We had hired many talented and committed young professional services consultants with tremendous technical aptitude and product knowledge. Unfortunately, they also lacked experience in communicating with enterprise customers during their large, high-pressured and complex projects. Our team was becoming strained, and we were fighting many fires across a rapidly growing portfolio of hundreds of new implementation and add-on projects. Many of the projects were not getting done on schedule, which was leading to an ever-growing backlog of open projects that were in the process of escalating. Our customers were counting on us to automate their mission-critical quoting and ordering processes, and thus our project delays often led to difficult conversations with stressed and unhappy customers. Our growing portfolio of escalating projects was inhibiting the growth of my software company.
To complicate matters, a substantial re-capitalization of $80M in new capital from new investors shifted our professional services objectives. This injection of new capital also came with new expectations, which included the desire for our services team to begin generating profit. Our increasing escalations had forced our professional services margin into the negative and this began to threaten our continued growth. We had to widen our focus from just services scalability so that it now included the additive goal of driving substantial services margins despite a backlog of unprofitable projects.
By being straightforward with our clients in a manner that earned their trust and respect, Shane enabled us to weather this storm by staying calm amidst the many fires and by always being straightforward with our clients. On numerous occasions, Shane had many difficult conversations with customers, and he frequently helped to reset their expectations toward a mutual vision of what done should look like. He then had to convince each customer that moving to this new vision of done was a good outcome despite the over inflated expectations they currently possessed. More impressively, Shane accomplished all this while simultaneously teaching our young professional service managers and team members the framework of Shane-isms spelled out in this book.
Under Shanes leadership, the services team regained control of the project portfolio, so that the company could continue to grow rapidly and profitably. BigMachines was ultimately acquired by Oracle in 2013, resulting in an excellent outcome for the investors. Clearly, Shanes influence helped shape this result.

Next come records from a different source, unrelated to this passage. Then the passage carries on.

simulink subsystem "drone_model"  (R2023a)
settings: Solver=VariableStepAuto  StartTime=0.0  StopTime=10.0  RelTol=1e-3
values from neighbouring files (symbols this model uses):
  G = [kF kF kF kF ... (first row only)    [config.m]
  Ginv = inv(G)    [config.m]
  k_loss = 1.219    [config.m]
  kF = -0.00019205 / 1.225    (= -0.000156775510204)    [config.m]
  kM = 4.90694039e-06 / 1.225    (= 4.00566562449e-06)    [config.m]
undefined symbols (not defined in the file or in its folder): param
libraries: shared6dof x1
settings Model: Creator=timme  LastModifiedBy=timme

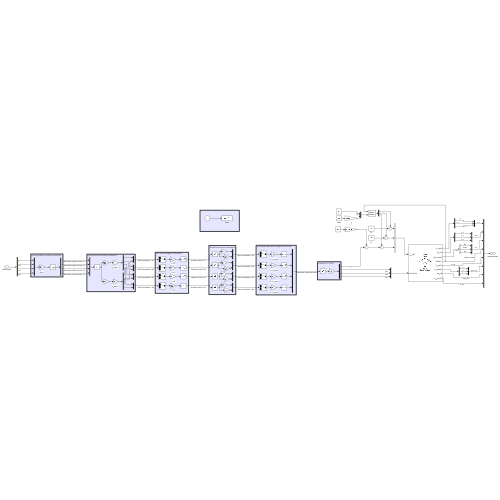
[thumbnail: Simulink's stored preview of the top-level diagram]
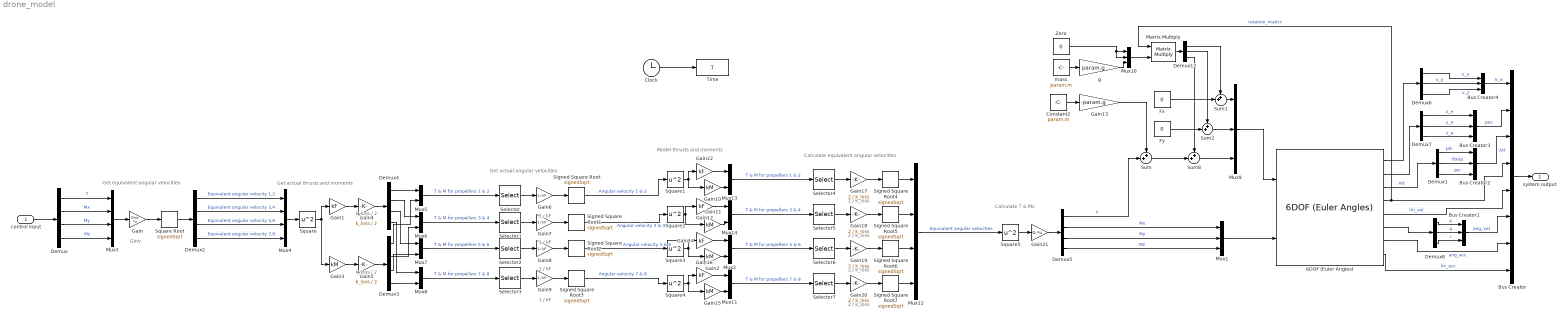
== system drone_model ==
  note: 1 / kF
  note: Calculate equivalent angular velocities
  note: Model thrusts and moments
  note: k_loss / 2
  note: Calculate T & Ms
  note: 2 / k_loss
  note: 1 / kF
  note: Get actual angular velocities
  note: Ginv
  note: Get equivalent angular velocities
  note: 1 / kF
  note: Get actual thrusts and moments
  note: 1 / kF
  note: k_loss / 2
  note: 2 / k_loss
  note: 2 / k_loss
  note: 2 / k_loss
  control input : Inport
  6DOF (Euler Angles) : shared6dof/6DOF (Euler Angles)  units=Metric (MKS)  mtype=Fixed  rep=Euler Angles  xme_0=[0 0 0]  Vm_0=[0 0 0]  eul_0=[0 0 0]  pm_0=[0 0 0]  mass_0=param.m  mass_e=0.5  mass_f=2.0  inertia=param.I  inertia_e=eye(3)  inertia_f=2*eye(3)  k_quat=1.0  vre_flag=on  abi_flag=off  aMode=0  xme_statename=''  Vm_statename=''  eul_statename=''  quat_statename=''  pm_statename=''  mass_statename=''
  Bus Creator : BusCreator  Inputs=8
  Bus Creator{1..4} (4 alike) : BusCreator  Inputs=3
  Clock : Clock
  Constant2 : Constant  Value=param.m
  Demux{,2..5} (5 alike) : Demux
  Demux{1,6..8,12} (5 alike) : Demux  Outputs=3
  Fx : Constant  Value=0
  Fy : Constant  Value=0
  Gain : Gain  Gain=Ginv  Multiplication=Matrix(K*u)
  Gain{1,12,14,16,22} (5 alike) : Gain  Gain=kF
  Gain{2..3,10..11,15} (5 alike) : Gain  Gain=kM
  Gain13 : Gain  Gain=-param.g
  Gain{17..20} (4 alike) : Gain  Gain=2 / k_loss
  Gain21 : Gain  Gain=G  Multiplication=Matrix(K*u)
  Gain4 : Gain  Gain=k_loss / 2
  Gain5 : Gain  Gain=k_loss / 2
  Gain{6..9} (4 alike) : Gain  Gain=1 / kF
  Matrix Multiply : Product  Inputs=**  Multiplication=Matrix(*)
  Mux1 : Mux  Inputs=3
  Mux10 : Mux  Inputs=3
  Mux{2,5..8,11,13..14} (8 alike) : Mux  Inputs=2
  Mux12 : Mux
  Mux3 : Mux
  Mux4 : Mux
  Mux9 : Mux  Inputs=3
  Selector{,1..7} (8 alike) : Selector  InputPortWidth=2  IndexOptions=Index vector (dialog)  Indices=1  OutputSizes=1
  Signed Square Root{,1..7} (8 alike) : Sqrt  Operator=signedSqrt
  Square : Math  Operator=square  SignedPower=on  RndMeth=Zero
  Square Root : Sqrt  Operator=signedSqrt
  Square{1..5} (5 alike) : Math  Operator=square
  Sum{,1..2,8} (4 alike) : Sum  Inputs=++|
  Time : ToWorkspace  VariableName=T  SampleTime=-1
      settings: Decimation=100
  Zero : Constant  Value=0  OutDataTypeStr=Inherit: Inherit via back propagation
  g : Gain  Gain=param.g
  mass : Constant  Value=param.m
  system output : Outport
  wires:
  Clock/1 -> Time/1
  6DOF (Euler Angles)/2 -> Demux7/1
  6DOF (Euler Angles)/8 -> Bus Creator/8  "lin_acc"
  Mux1/1 -> 6DOF (Euler Angles)/2
  6DOF (Euler Angles)/7 -> Bus Creator/7  "ang_acc"
  6DOF (Euler Angles)/4 -> Bus Creator/4, Matrix Multiply/1  "rotation_matrix"
  6DOF (Euler Angles)/1 -> Demux6/1
  6DOF (Euler Angles)/5 -> Bus Creator/5  "lin_vel"
  6DOF (Euler Angles)/6 -> Demux8/1
  6DOF (Euler Angles)/3 -> Demux1/1  "Att"
  Bus Creator/1 -> system output/1
  Demux8/3 -> Bus Creator1/3  "r"
  Demux8/2 -> Bus Creator1/2  "q"
  Demux8/1 -> Bus Creator1/1  "p"
  Demux1/3 -> Bus Creator2/3  "psi"
  Demux1/2 -> Bus Creator2/2  "theta"
  Demux1/1 -> Bus Creator2/1  "phi"
  Demux7/3 -> Bus Creator3/3  "z_e"
  Demux7/2 -> Bus Creator3/2  "y_e"
  Demux7/1 -> Bus Creator3/1  "x_e"
  Demux6/3 -> Bus Creator4/3  "v_z"
  Demux6/2 -> Bus Creator4/2  "v_y"
  Demux6/1 -> Bus Creator4/1  "v_x"
  Bus Creator4/1 -> Bus Creator/1  "V_e"
  Bus Creator1/1 -> Bus Creator/6  "ang_vel"
  Bus Creator2/1 -> Bus Creator/3  "Att"
  Bus Creator3/1 -> Bus Creator/2  "pos"
  Sum/1 -> Sum8/2
  Constant2/1 -> Gain13/1
  g/1 -> Mux10/3
  Mux10/1 -> Matrix Multiply/2
  Fx/1 -> Sum1/2
  Demux12/3 -> Sum8/1
  Demux12/2 -> Sum2/1
  Gain13/1 -> Sum/1
  Sum2/1 -> Mux9/2
  Mux9/1 -> 6DOF (Euler Angles)/1
  mass/1 -> g/1
  Demux12/1 -> Sum1/1
  Zero/1 -> Mux10/2, Mux10/1
  Sum1/1 -> Mux9/1
  Sum8/1 -> Mux9/3
  Matrix Multiply/1 -> Demux12/1
  Fy/1 -> Sum2/2
  Demux/4 -> Mux3/4  "Mz"
  control input/1 -> Demux/1
  Demux/1 -> Mux3/1  "T"
  Demux/2 -> Mux3/2  "Mx"
  Demux5/2 -> Mux1/1  "Mx"
  Demux4/1 -> Mux5/1
  Mux14/1 -> Selector5/1  "T & M for propellers 3 & 4"
  Mux12/1 -> Square5/1  "Equivalent angular velocities"
  Gain/1 -> Square Root/1
  Mux5/1 -> Selector/1  "T & M for propellers 1 & 2"
  Gain18/1 -> Signed Square Root5/1
  Selector7/1 -> Gain20/1
  Gain1/1 -> Gain4/1
  Demux/3 -> Mux3/3  "My"
  Gain21/1 -> Demux5/1
  Square5/1 -> Gain21/1
  Signed Square Root6/1 -> Mux12/3
  Gain9/1 -> Signed Square Root3/1
  Gain20/1 -> Signed Square Root7/1
  Signed Square Root5/1 -> Mux12/2
  Selector5/1 -> Gain18/1
  Demux5/3 -> Mux1/2  "My"
  Gain7/1 -> Signed Square Root1/1
  Gain19/1 -> Signed Square Root6/1
  Signed Square Root4/1 -> Mux12/1
  Gain15/1 -> Mux11/2
  Demux5/1 -> Sum/2  "T"
  Square1/1 -> Gain10/1, Gain22/1
  Demux3/3 -> Mux7/2
  Gain12/1 -> Mux14/1
  Gain22/1 -> Mux13/1
  Mux8/1 -> Selector3/1  "T & M for propellers 7 & 8"
  Gain16/1 -> Mux11/1
  Selector6/1 -> Gain19/1
  Gain14/1 -> Mux2/1
  Square2/1 -> Gain11/1, Gain12/1
  Selector4/1 -> Gain17/1
  Gain10/1 -> Mux13/2
  Selector2/1 -> Gain8/1
  Gain2/1 -> Mux2/2
  Gain8/1 -> Signed Square Root2/1
  Square3/1 -> Gain2/1, Gain14/1
  Signed Square Root3/1 -> Square4/1  "Angular velocity 7 & 8"
  Signed Square Root2/1 -> Square3/1  "Angular velocity 5 & 6"
  Demux3/4 -> Mux8/2
  Signed Square Root1/1 -> Square2/1  "Angular velocity 3 & 4"
  Signed Square Root/1 -> Square1/1  "Angular velocity 1 & 2"
  Mux7/1 -> Selector2/1  "T & M for propellers 5 & 6"
  Mux11/1 -> Selector7/1  "T & M for propellers 7 & 8"
  Mux6/1 -> Selector1/1  "T & M for propellers 3 & 4"
  Demux4/4 -> Mux8/1
  Demux4/3 -> Mux7/1
  Demux3/2 -> Mux6/2
  Demux2/3 -> Mux4/3  "Equivalent angular velocity 5,6"
  Gain11/1 -> Mux14/2
  Gain6/1 -> Signed Square Root/1
  Selector1/1 -> Gain7/1
  Demux2/2 -> Mux4/2  "Equivalent angular velocity 3,4"
  Mux13/1 -> Selector4/1  "T & M for propellers 1 & 2"
  Gain17/1 -> Signed Square Root4/1
  Square Root/1 -> Demux2/1
  Demux3/1 -> Mux5/2
  Square/1 -> Gain3/1, Gain1/1
  Selector/1 -> Gain6/1
  Mux4/1 -> Square/1
  Demux2/1 -> Mux4/1  "Equivalent angular velocity 1,2"
  Gain4/1 -> Demux4/1
  Mux2/1 -> Selector6/1  "T & M for propellers 5 & 6"
  Gain5/1 -> Demux3/1
  Demux2/4 -> Mux4/4  "Equivalent angular velocity 7,8"
  Demux4/2 -> Mux6/1
  Mux3/1 -> Gain/1
  Demux5/4 -> Mux1/3  "Mz"
  Gain3/1 -> Gain5/1
  Square4/1 -> Gain15/1, Gain16/1
  Signed Square Root7/1 -> Mux12/4
  Selector3/1 -> Gain9/1

Recently, I became CEO of another next generation CPQ company called SteelBrick. Our professional services team is now composed of many team members who were part of Shanes team at BigMachines, where they clearly learned these principles and matured as managers. Just the other day, I was in our conference room and witnessed our Director of Professional Services mentoring a newly hired consultant by spelling out the ABCs of professional services on a white-board. As you will read, this Director acquired this knowledge while working for Shane, and it is incredibly comforting for me to know that my current head of professional services has absorbed many of Shanes principles. I will always want my most senior professional services executive to embrace these principles and employ them to the benefit of my companies. Deploying such a concise and effective framework of principles provides me with the confidence that we are delivering the right balance of company and customer success.